TASK DIRECTIONS>
One exact copy of the listing is needed. It should contain no pictures.

——

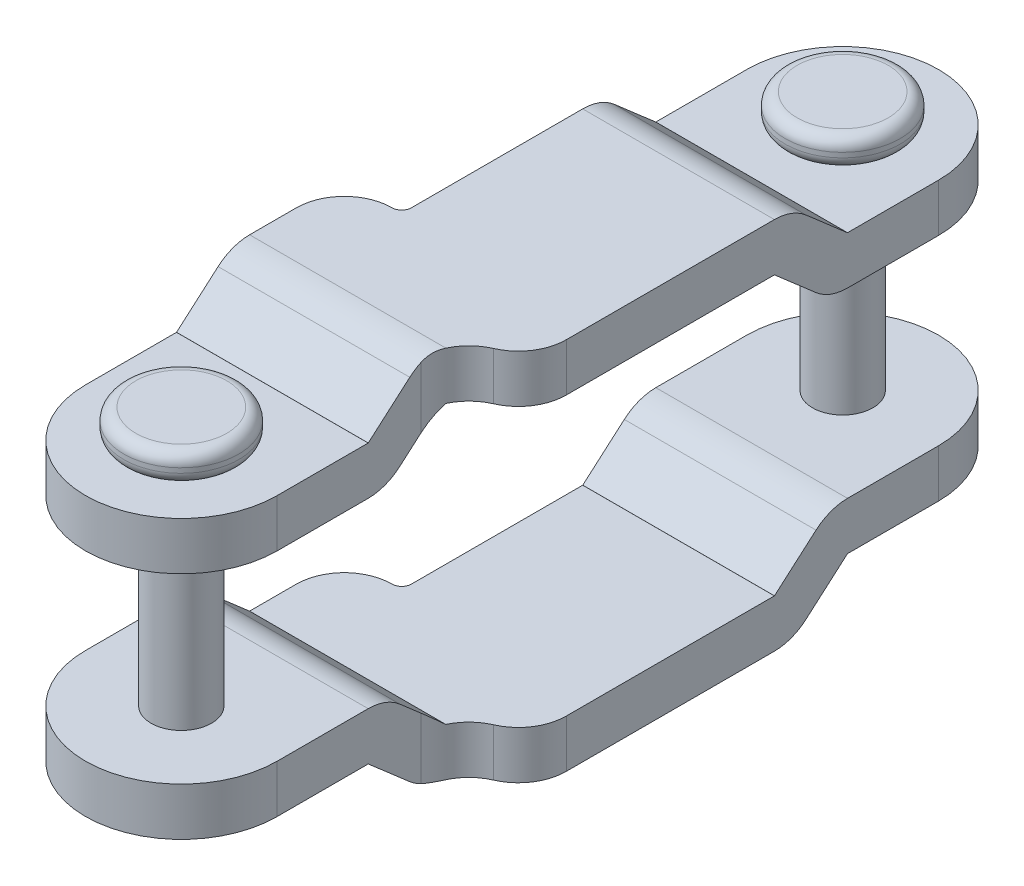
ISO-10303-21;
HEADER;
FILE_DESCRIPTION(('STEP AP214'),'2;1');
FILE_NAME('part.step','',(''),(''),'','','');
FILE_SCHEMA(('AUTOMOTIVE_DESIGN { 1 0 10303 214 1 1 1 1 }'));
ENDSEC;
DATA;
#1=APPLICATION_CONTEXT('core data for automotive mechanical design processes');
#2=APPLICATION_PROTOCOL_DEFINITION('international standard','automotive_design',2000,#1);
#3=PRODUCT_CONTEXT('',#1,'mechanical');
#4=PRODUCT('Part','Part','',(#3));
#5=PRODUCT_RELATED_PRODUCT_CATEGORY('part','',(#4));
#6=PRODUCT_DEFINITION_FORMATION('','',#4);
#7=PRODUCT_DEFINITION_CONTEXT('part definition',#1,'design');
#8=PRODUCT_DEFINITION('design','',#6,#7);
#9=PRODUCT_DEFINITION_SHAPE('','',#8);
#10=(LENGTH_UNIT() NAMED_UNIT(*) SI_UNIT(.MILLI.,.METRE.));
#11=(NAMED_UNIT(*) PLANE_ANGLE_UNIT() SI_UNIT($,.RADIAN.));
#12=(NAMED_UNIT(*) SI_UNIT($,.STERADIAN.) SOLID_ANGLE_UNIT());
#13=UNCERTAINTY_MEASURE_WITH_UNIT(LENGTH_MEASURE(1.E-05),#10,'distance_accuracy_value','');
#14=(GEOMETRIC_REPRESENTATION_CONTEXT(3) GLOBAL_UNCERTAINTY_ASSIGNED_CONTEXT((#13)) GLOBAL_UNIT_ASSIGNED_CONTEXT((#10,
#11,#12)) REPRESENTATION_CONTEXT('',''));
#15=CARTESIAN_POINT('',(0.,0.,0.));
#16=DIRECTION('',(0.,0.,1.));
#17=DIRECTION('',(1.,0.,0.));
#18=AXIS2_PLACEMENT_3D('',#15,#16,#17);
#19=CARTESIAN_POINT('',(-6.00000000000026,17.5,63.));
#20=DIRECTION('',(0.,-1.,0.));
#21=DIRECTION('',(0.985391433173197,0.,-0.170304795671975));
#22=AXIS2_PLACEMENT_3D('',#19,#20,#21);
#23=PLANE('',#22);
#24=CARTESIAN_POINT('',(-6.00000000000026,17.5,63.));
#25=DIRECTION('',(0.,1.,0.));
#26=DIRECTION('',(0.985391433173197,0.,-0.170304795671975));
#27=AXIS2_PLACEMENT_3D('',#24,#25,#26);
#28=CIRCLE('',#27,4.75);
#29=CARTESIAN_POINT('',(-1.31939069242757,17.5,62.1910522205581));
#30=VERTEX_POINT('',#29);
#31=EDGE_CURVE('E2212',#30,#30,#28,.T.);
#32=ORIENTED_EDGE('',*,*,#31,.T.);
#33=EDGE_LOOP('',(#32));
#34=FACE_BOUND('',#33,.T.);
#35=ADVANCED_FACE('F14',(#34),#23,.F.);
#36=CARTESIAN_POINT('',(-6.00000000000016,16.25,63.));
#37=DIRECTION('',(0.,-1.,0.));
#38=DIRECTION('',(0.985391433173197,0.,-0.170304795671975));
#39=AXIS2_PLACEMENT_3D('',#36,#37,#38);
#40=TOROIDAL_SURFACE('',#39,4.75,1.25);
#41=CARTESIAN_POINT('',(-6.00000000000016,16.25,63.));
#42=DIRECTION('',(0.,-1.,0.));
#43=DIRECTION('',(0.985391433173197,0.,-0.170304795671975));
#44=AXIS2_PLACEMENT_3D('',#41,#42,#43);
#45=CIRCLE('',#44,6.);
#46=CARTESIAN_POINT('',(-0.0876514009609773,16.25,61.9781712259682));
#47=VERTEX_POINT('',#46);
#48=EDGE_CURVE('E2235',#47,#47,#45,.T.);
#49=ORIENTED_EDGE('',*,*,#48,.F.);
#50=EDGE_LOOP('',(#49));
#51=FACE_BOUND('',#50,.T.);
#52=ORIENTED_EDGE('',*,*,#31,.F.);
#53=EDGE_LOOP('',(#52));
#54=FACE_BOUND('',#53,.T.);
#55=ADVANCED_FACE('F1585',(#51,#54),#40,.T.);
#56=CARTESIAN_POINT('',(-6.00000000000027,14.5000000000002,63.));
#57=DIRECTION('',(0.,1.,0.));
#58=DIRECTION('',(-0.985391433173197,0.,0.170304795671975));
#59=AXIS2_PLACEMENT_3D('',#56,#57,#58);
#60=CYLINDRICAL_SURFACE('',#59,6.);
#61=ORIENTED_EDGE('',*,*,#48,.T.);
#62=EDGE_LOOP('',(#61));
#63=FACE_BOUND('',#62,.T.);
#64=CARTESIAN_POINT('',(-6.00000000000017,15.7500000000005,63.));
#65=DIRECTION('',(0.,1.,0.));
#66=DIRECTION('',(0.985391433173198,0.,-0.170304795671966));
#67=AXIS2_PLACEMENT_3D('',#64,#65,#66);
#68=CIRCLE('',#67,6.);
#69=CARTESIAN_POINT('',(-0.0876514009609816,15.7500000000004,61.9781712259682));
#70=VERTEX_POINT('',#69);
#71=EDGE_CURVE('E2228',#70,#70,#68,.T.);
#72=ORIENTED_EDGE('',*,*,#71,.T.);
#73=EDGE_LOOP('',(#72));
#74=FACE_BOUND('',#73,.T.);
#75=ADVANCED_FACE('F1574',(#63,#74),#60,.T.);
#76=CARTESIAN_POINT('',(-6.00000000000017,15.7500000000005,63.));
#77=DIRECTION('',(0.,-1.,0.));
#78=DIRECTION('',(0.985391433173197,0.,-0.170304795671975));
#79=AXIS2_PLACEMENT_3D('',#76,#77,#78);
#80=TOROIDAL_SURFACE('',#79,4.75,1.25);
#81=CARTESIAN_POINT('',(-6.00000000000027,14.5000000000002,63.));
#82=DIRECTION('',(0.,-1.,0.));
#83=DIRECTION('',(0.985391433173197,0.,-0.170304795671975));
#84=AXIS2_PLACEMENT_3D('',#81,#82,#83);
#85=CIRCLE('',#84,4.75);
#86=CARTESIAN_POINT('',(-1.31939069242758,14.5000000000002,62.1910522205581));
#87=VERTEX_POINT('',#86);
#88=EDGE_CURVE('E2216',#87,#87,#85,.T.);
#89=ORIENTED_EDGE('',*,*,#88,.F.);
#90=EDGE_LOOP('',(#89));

——

SOLUTION FOR THIS PROBLEM>
ISO-10303-21;
HEADER;
FILE_DESCRIPTION(('STEP AP214'),'2;1');
FILE_NAME('part.step','',(''),(''),'','','');
FILE_SCHEMA(('AUTOMOTIVE_DESIGN { 1 0 10303 214 1 1 1 1 }'));
ENDSEC;
DATA;
#1=APPLICATION_CONTEXT('core data for automotive mechanical design processes');
#2=APPLICATION_PROTOCOL_DEFINITION('international standard','automotive_design',2000,#1);
#3=PRODUCT_CONTEXT('',#1,'mechanical');
#4=PRODUCT('Part','Part','',(#3));
#5=PRODUCT_RELATED_PRODUCT_CATEGORY('part','',(#4));
#6=PRODUCT_DEFINITION_FORMATION('','',#4);
#7=PRODUCT_DEFINITION_CONTEXT('part definition',#1,'design');
#8=PRODUCT_DEFINITION('design','',#6,#7);
#9=PRODUCT_DEFINITION_SHAPE('','',#8);
#10=(LENGTH_UNIT() NAMED_UNIT(*) SI_UNIT(.MILLI.,.METRE.));
#11=(NAMED_UNIT(*) PLANE_ANGLE_UNIT() SI_UNIT($,.RADIAN.));
#12=(NAMED_UNIT(*) SI_UNIT($,.STERADIAN.) SOLID_ANGLE_UNIT());
#13=UNCERTAINTY_MEASURE_WITH_UNIT(LENGTH_MEASURE(1.E-05),#10,'distance_accuracy_value','');
#14=(GEOMETRIC_REPRESENTATION_CONTEXT(3) GLOBAL_UNCERTAINTY_ASSIGNED_CONTEXT((#13)) GLOBAL_UNIT_ASSIGNED_CONTEXT((#10,
#11,#12)) REPRESENTATION_CONTEXT('',''));
#15=CARTESIAN_POINT('',(0.,0.,0.));
#16=DIRECTION('',(0.,0.,1.));
#17=DIRECTION('',(1.,0.,0.));
#18=AXIS2_PLACEMENT_3D('',#15,#16,#17);
#19=CARTESIAN_POINT('',(-6.00000000000026,17.5,63.));
#20=DIRECTION('',(0.,-1.,0.));
#21=DIRECTION('',(0.985391433173197,0.,-0.170304795671975));
#22=AXIS2_PLACEMENT_3D('',#19,#20,#21);
#23=PLANE('',#22);
#24=CARTESIAN_POINT('',(-6.00000000000026,17.5,63.));
#25=DIRECTION('',(0.,1.,0.));
#26=DIRECTION('',(0.985391433173197,0.,-0.170304795671975));
#27=AXIS2_PLACEMENT_3D('',#24,#25,#26);
#28=CIRCLE('',#27,4.75);
#29=CARTESIAN_POINT('',(-1.31939069242757,17.5,62.1910522205581));
#30=VERTEX_POINT('',#29);
#31=EDGE_CURVE('E2212',#30,#30,#28,.T.);
#32=ORIENTED_EDGE('',*,*,#31,.T.);
#33=EDGE_LOOP('',(#32));
#34=FACE_BOUND('',#33,.T.);
#35=ADVANCED_FACE('F14',(#34),#23,.F.);
#36=CARTESIAN_POINT('',(-6.00000000000016,16.25,63.));
#37=DIRECTION('',(0.,-1.,0.));
#38=DIRECTION('',(0.985391433173197,0.,-0.170304795671975));
#39=AXIS2_PLACEMENT_3D('',#36,#37,#38);
#40=TOROIDAL_SURFACE('',#39,4.75,1.25);
#41=CARTESIAN_POINT('',(-6.00000000000016,16.25,63.));
#42=DIRECTION('',(0.,-1.,0.));
#43=DIRECTION('',(0.985391433173197,0.,-0.170304795671975));
#44=AXIS2_PLACEMENT_3D('',#41,#42,#43);
#45=CIRCLE('',#44,6.);
#46=CARTESIAN_POINT('',(-0.0876514009609773,16.25,61.9781712259682));
#47=VERTEX_POINT('',#46);
#48=EDGE_CURVE('E2235',#47,#47,#45,.T.);
#49=ORIENTED_EDGE('',*,*,#48,.F.);
#50=EDGE_LOOP('',(#49));
#51=FACE_BOUND('',#50,.T.);
#52=ORIENTED_EDGE('',*,*,#31,.F.);
#53=EDGE_LOOP('',(#52));
#54=FACE_BOUND('',#53,.T.);
#55=ADVANCED_FACE('F1585',(#51,#54),#40,.T.);
#56=CARTESIAN_POINT('',(-6.00000000000027,14.5000000000002,63.));
#57=DIRECTION('',(0.,1.,0.));
#58=DIRECTION('',(-0.985391433173197,0.,0.170304795671975));
#59=AXIS2_PLACEMENT_3D('',#56,#57,#58);
#60=CYLINDRICAL_SURFACE('',#59,6.);
#61=ORIENTED_EDGE('',*,*,#48,.T.);
#62=EDGE_LOOP('',(#61));
#63=FACE_BOUND('',#62,.T.);
#64=CARTESIAN_POINT('',(-6.00000000000017,15.7500000000005,63.));
#65=DIRECTION('',(0.,1.,0.));
#66=DIRECTION('',(0.985391433173198,0.,-0.170304795671966));
#67=AXIS2_PLACEMENT_3D('',#64,#65,#66);
#68=CIRCLE('',#67,6.);
#69=CARTESIAN_POINT('',(-0.0876514009609816,15.7500000000004,61.9781712259682));
#70=VERTEX_POINT('',#69);
#71=EDGE_CURVE('E2228',#70,#70,#68,.T.);
#72=ORIENTED_EDGE('',*,*,#71,.T.);
#73=EDGE_LOOP('',(#72));
#74=FACE_BOUND('',#73,.T.);
#75=ADVANCED_FACE('F1574',(#63,#74),#60,.T.);
#76=CARTESIAN_POINT('',(-6.00000000000017,15.7500000000005,63.));
#77=DIRECTION('',(0.,-1.,0.));
#78=DIRECTION('',(0.985391433173197,0.,-0.170304795671975));
#79=AXIS2_PLACEMENT_3D('',#76,#77,#78);
#80=TOROIDAL_SURFACE('',#79,4.75,1.25);
#81=CARTESIAN_POINT('',(-6.00000000000027,14.5000000000002,63.));
#82=DIRECTION('',(0.,-1.,0.));
#83=DIRECTION('',(0.985391433173197,0.,-0.170304795671975));
#84=AXIS2_PLACEMENT_3D('',#81,#82,#83);
#85=CIRCLE('',#84,4.75);
#86=CARTESIAN_POINT('',(-1.31939069242758,14.5000000000002,62.1910522205581));
#87=VERTEX_POINT('',#86);
#88=EDGE_CURVE('E2216',#87,#87,#85,.T.);
#89=ORIENTED_EDGE('',*,*,#88,.F.);
#90=EDGE_LOOP('',(#89));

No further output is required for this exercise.